- Input data:
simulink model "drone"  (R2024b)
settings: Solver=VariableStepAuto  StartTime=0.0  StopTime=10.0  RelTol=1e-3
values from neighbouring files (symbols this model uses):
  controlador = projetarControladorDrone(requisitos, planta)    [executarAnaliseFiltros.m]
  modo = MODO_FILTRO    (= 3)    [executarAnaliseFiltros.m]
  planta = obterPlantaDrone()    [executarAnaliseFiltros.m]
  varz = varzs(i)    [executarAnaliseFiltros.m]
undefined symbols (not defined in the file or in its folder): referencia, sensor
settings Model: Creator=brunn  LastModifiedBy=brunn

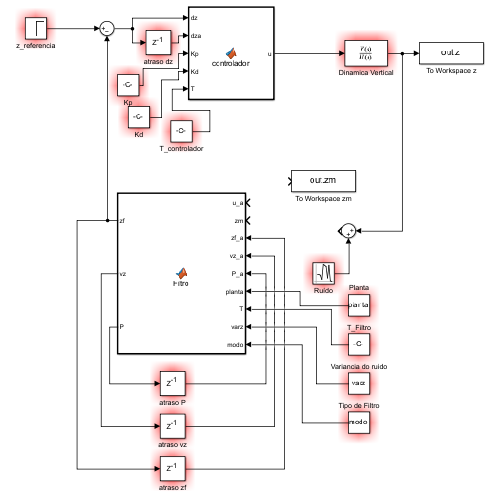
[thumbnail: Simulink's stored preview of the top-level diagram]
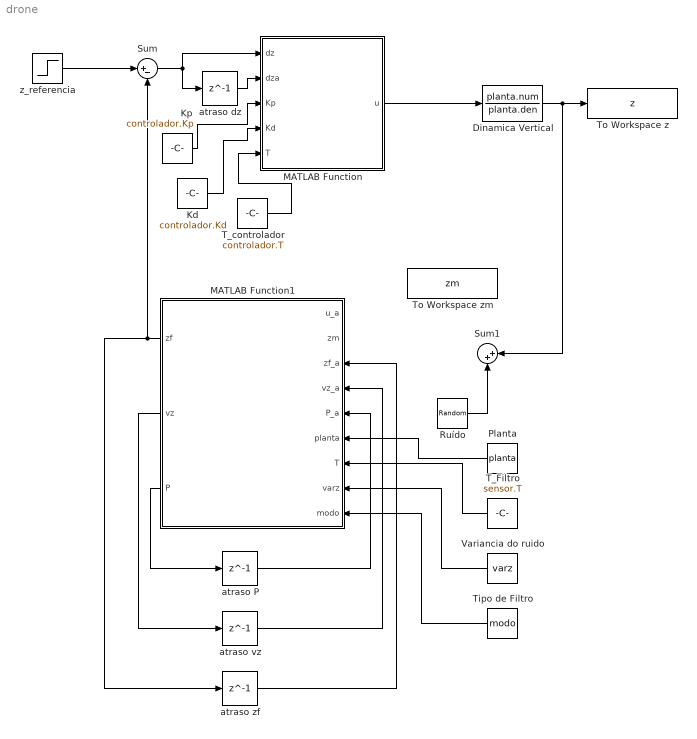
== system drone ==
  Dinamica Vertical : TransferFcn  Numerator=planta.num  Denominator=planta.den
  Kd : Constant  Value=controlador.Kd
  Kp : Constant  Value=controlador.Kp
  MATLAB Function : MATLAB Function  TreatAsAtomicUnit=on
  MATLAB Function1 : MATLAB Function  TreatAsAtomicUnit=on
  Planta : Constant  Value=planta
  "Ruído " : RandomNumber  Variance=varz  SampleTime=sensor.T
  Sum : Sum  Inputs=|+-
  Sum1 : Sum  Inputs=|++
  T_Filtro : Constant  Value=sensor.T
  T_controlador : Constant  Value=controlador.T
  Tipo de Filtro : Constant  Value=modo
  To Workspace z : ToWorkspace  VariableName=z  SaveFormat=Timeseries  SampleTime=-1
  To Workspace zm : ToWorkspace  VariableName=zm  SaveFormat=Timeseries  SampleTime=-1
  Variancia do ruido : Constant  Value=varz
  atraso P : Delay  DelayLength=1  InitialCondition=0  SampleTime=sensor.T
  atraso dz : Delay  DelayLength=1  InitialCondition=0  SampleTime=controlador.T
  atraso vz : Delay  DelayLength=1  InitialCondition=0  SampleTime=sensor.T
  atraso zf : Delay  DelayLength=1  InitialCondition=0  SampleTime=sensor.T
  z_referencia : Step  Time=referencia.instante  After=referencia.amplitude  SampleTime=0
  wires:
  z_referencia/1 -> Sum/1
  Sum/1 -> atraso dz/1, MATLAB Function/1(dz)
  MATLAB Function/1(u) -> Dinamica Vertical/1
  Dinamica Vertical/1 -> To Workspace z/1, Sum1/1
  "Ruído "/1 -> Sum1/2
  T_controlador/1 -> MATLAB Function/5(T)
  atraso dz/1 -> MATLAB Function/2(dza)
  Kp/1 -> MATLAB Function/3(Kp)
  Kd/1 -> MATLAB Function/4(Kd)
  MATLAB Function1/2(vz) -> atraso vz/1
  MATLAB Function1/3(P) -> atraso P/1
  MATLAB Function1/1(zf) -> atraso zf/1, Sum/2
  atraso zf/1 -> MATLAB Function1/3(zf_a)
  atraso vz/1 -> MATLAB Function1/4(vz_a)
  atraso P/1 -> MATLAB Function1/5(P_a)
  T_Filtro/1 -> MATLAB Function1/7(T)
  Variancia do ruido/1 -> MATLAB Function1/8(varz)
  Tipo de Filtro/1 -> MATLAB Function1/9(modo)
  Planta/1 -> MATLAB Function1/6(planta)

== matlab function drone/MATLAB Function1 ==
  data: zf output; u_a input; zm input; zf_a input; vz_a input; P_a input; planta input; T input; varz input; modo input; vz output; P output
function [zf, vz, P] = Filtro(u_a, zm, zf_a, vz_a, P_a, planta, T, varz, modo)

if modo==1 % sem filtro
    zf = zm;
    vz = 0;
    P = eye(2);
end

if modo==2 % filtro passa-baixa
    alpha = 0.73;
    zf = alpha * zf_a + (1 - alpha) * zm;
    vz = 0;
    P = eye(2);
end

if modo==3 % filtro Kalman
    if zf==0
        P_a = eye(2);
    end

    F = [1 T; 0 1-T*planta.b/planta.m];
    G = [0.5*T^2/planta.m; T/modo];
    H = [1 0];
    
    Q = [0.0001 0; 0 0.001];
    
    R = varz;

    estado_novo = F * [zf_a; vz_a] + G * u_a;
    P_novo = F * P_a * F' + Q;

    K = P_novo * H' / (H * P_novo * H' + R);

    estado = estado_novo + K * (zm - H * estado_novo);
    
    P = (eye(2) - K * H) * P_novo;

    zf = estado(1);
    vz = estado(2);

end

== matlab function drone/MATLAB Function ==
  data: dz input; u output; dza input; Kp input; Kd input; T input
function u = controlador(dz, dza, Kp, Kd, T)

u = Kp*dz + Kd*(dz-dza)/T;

- Task item:
Scan the material above for the string "Timeseries" and return the lines that hold it.

- Response to the exercise:
  To Workspace z : ToWorkspace  VariableName=z  SaveFormat=Timeseries  SampleTime=-1
  To Workspace zm : ToWorkspace  VariableName=zm  SaveFormat=Timeseries  SampleTime=-1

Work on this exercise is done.